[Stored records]
★ ★ ★ ★ ★ ★ ★
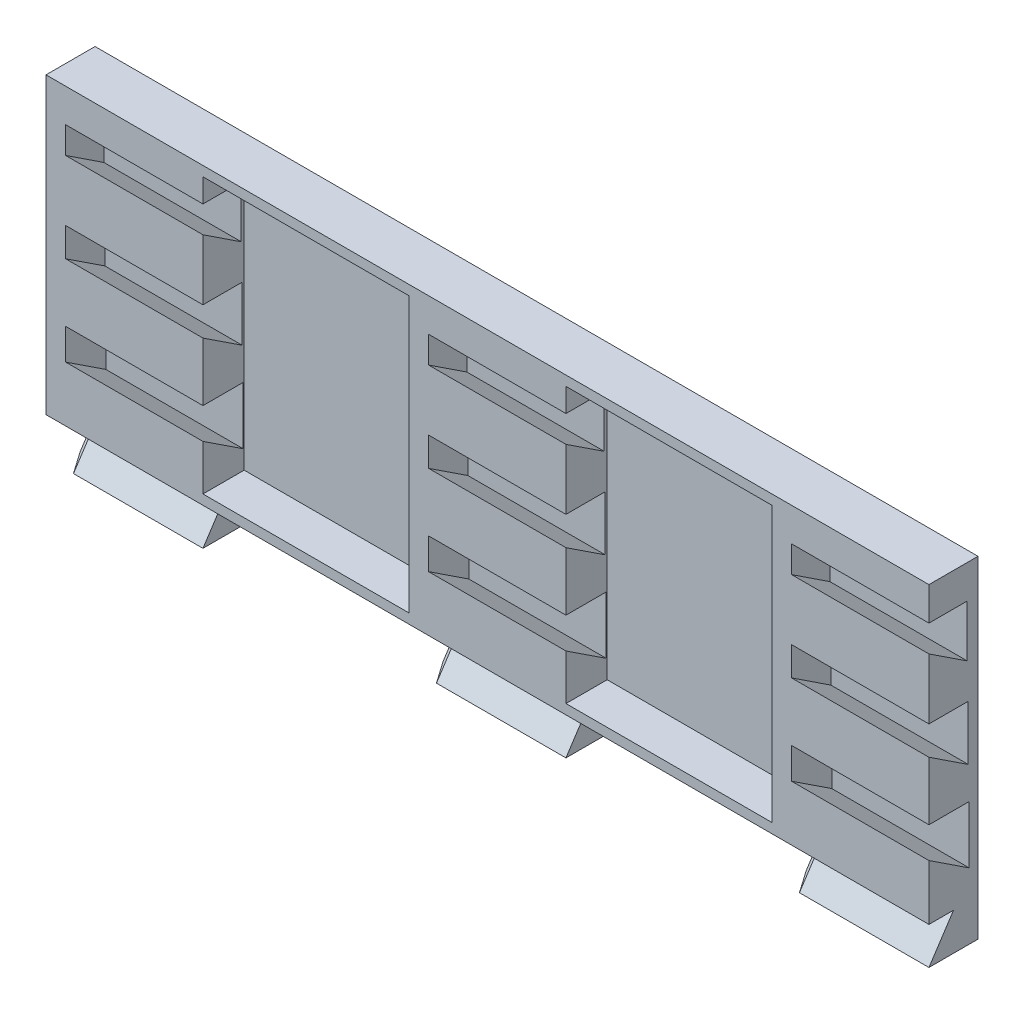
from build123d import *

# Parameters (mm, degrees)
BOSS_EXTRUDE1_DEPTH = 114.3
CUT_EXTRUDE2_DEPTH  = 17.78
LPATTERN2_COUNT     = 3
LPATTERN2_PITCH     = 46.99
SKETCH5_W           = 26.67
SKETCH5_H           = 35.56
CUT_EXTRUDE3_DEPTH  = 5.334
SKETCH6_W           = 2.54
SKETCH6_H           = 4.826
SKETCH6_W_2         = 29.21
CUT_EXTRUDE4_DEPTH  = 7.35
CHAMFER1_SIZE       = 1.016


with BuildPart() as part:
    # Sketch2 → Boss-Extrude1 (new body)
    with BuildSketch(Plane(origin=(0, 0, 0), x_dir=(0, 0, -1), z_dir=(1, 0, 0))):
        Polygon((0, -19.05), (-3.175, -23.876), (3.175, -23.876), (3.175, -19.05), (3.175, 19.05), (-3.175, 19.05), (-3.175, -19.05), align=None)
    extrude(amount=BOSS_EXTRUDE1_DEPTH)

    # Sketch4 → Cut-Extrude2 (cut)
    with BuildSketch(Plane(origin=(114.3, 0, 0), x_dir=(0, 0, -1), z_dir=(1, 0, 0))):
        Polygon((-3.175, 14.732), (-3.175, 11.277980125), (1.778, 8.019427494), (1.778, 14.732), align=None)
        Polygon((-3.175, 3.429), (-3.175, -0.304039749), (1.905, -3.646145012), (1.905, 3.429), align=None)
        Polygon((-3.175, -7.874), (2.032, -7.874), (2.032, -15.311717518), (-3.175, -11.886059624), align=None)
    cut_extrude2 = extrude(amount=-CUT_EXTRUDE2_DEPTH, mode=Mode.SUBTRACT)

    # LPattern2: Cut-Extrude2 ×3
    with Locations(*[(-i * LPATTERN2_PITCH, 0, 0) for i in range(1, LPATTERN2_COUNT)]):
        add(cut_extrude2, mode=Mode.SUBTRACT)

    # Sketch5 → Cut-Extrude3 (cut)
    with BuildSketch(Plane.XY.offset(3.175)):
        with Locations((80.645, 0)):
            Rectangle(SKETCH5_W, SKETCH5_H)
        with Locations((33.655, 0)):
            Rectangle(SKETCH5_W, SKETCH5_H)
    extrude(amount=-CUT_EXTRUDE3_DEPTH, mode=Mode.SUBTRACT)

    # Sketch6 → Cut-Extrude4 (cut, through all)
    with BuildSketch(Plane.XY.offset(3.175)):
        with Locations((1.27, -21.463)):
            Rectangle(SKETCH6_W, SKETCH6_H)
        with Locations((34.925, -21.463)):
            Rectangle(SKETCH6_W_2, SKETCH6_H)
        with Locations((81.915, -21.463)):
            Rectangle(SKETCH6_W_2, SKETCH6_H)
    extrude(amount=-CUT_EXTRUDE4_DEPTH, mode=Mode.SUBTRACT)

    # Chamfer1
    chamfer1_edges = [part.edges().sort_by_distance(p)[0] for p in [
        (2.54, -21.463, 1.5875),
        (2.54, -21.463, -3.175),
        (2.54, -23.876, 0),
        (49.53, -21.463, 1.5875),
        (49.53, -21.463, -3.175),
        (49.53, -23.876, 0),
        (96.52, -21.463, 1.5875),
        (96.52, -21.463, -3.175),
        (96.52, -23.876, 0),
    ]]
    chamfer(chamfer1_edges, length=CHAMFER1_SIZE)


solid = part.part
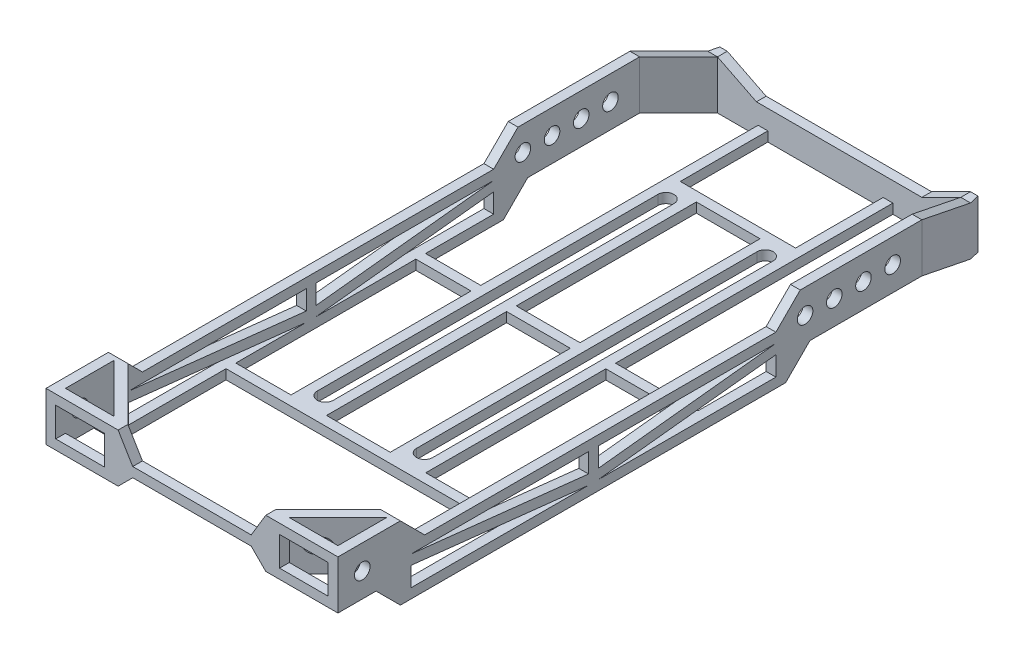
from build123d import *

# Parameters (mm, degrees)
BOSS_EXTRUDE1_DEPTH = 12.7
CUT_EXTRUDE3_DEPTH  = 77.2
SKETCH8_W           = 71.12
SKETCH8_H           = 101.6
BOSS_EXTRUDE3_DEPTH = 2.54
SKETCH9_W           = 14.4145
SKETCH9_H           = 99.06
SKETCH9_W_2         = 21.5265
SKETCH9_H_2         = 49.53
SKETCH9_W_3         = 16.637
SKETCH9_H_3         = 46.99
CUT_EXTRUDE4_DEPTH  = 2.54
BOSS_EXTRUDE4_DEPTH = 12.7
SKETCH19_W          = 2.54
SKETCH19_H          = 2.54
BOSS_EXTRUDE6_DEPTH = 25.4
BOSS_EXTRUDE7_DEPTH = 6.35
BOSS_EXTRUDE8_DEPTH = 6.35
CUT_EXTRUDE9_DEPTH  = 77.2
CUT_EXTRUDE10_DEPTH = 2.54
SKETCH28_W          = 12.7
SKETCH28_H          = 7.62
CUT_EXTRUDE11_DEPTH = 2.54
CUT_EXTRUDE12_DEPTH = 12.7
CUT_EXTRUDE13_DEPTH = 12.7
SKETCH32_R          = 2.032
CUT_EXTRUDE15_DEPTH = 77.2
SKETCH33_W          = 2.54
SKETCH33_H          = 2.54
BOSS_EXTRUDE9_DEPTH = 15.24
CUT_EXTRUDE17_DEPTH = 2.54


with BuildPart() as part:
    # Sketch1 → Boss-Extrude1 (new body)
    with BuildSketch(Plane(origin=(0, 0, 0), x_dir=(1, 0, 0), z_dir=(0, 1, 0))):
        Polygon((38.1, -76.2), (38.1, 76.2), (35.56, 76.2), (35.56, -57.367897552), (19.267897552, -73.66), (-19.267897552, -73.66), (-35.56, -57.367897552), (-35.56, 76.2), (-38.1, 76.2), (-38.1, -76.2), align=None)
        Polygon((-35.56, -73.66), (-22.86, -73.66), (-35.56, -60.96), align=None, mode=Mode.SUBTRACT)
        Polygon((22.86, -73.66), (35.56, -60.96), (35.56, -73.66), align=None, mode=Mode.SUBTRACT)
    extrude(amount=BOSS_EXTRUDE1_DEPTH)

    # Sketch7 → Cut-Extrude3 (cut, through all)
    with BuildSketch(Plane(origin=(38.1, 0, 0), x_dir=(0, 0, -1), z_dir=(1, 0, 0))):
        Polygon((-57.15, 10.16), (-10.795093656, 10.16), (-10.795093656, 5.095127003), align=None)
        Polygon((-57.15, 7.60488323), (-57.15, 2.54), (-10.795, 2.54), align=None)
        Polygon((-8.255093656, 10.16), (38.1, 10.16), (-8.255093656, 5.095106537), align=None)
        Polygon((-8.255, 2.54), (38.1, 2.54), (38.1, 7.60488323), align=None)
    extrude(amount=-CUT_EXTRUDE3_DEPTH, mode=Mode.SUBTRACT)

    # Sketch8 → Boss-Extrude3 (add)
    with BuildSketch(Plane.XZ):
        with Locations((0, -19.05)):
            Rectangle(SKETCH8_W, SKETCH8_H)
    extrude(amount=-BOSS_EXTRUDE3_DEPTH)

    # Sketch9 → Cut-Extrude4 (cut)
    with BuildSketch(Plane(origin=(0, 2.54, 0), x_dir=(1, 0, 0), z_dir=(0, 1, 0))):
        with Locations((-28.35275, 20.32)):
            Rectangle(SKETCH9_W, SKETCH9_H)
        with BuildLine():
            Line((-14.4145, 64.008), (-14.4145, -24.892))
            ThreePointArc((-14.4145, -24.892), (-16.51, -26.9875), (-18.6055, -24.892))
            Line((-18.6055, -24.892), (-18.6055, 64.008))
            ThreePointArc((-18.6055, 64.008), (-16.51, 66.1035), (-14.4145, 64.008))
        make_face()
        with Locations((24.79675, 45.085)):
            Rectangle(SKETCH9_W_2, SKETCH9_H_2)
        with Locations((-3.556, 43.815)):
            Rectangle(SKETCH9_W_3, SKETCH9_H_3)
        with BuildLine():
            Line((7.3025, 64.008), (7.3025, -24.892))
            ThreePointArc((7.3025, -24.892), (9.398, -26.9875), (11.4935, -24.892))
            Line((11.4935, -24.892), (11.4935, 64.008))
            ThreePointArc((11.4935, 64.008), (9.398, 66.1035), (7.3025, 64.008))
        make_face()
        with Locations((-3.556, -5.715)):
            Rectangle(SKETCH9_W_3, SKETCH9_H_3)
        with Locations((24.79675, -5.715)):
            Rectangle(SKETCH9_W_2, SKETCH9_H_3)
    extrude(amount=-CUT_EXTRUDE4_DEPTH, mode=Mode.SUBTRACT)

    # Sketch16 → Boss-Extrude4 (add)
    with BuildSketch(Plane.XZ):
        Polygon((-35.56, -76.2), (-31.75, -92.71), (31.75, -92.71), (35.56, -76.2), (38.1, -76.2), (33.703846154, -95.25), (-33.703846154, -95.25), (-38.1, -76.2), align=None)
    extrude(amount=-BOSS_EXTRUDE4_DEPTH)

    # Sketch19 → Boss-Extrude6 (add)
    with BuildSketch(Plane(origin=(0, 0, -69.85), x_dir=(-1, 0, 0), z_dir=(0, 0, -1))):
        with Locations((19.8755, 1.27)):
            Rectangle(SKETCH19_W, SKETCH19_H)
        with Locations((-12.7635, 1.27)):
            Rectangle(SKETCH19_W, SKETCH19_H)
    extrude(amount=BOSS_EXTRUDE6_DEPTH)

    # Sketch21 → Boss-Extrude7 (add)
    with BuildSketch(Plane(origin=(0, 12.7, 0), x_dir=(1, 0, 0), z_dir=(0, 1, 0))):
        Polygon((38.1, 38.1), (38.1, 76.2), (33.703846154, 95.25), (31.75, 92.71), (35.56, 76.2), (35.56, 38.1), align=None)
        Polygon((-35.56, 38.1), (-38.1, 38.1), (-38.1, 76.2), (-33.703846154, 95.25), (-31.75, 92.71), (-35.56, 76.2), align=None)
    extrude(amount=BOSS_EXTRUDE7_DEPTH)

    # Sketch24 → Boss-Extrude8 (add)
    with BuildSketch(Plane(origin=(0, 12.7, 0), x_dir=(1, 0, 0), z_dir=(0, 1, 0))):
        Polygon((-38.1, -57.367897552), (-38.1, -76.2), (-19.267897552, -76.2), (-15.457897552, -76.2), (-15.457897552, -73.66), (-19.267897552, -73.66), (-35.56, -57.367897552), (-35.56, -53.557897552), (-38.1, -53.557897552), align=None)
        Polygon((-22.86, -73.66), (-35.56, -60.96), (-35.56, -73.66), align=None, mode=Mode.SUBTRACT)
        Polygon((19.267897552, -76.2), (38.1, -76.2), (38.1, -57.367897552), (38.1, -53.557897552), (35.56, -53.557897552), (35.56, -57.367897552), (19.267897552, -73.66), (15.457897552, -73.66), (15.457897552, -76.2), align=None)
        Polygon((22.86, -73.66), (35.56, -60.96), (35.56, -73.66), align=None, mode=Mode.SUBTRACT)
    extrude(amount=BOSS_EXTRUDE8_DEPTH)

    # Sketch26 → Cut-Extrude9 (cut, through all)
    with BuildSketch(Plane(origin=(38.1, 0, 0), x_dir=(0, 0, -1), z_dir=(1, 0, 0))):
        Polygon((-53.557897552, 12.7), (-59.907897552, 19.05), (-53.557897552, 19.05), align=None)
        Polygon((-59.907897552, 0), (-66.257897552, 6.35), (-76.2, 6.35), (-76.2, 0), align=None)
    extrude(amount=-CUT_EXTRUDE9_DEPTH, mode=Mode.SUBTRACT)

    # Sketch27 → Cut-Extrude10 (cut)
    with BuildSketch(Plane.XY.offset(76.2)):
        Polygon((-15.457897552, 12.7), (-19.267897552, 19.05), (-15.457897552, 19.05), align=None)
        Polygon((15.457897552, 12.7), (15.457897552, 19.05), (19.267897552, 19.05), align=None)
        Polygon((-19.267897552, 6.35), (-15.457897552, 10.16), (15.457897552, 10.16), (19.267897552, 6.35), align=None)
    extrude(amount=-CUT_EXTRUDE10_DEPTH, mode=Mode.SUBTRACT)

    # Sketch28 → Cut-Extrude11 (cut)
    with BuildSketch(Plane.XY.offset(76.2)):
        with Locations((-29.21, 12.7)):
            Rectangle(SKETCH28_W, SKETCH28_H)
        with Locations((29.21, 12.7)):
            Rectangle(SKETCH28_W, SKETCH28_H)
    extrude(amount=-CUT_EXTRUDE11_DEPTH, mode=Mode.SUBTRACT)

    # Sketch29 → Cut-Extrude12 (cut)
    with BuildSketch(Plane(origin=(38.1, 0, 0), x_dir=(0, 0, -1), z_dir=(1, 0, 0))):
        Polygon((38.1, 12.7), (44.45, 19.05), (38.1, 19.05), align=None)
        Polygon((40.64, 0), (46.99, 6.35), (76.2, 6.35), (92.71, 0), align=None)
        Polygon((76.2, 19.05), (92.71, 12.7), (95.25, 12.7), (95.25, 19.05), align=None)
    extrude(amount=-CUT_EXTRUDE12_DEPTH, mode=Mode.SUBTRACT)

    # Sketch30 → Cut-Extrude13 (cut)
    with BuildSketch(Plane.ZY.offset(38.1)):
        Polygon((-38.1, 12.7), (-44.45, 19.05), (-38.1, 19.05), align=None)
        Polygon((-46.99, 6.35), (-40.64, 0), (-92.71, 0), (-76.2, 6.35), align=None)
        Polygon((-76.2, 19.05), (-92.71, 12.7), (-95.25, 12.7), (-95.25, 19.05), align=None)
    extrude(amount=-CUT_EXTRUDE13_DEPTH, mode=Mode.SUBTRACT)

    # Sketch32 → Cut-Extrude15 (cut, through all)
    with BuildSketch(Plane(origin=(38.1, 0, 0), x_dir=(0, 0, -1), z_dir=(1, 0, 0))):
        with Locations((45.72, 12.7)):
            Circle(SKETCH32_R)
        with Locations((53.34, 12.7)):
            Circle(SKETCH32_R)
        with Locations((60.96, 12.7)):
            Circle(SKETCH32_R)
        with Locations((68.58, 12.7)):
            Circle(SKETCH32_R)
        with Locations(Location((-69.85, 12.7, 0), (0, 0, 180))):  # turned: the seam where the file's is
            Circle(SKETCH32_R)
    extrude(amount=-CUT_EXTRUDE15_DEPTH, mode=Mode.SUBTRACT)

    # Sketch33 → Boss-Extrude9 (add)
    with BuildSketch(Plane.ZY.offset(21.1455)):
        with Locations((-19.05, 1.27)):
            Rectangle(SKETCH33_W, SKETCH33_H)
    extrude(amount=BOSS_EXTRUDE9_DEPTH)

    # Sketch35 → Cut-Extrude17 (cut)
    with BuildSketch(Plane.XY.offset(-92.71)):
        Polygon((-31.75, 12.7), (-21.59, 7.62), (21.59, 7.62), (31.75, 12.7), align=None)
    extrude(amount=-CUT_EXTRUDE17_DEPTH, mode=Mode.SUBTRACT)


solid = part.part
★ ★ ★ ★ ★ ★ ★
Of all the entries above, repeat only the lines from the line that has "-26.9875), (11.4935, -24.892))" to the line that has "extrude(amount=BOSS_EXTRUDE6_DEPTH)", both lines included, exactly.

THE ANSWER:
            ThreePointArc((7.3025, -24.892), (9.398, -26.9875), (11.4935, -24.892))
            Line((11.4935, -24.892), (11.4935, 64.008))
            ThreePointArc((11.4935, 64.008), (9.398, 66.1035), (7.3025, 64.008))
        make_face()
        with Locations((-3.556, -5.715)):
            Rectangle(SKETCH9_W_3, SKETCH9_H_3)
        with Locations((24.79675, -5.715)):
            Rectangle(SKETCH9_W_2, SKETCH9_H_3)
    extrude(amount=-CUT_EXTRUDE4_DEPTH, mode=Mode.SUBTRACT)

    # Sketch16 → Boss-Extrude4 (add)
    with BuildSketch(Plane.XZ):
        Polygon((-35.56, -76.2), (-31.75, -92.71), (31.75, -92.71), (35.56, -76.2), (38.1, -76.2), (33.703846154, -95.25), (-33.703846154, -95.25), (-38.1, -76.2), align=None)
    extrude(amount=-BOSS_EXTRUDE4_DEPTH)

    # Sketch19 → Boss-Extrude6 (add)
    with BuildSketch(Plane(origin=(0, 0, -69.85), x_dir=(-1, 0, 0), z_dir=(0, 0, -1))):
        with Locations((19.8755, 1.27)):
            Rectangle(SKETCH19_W, SKETCH19_H)
        with Locations((-12.7635, 1.27)):
            Rectangle(SKETCH19_W, SKETCH19_H)
    extrude(amount=BOSS_EXTRUDE6_DEPTH)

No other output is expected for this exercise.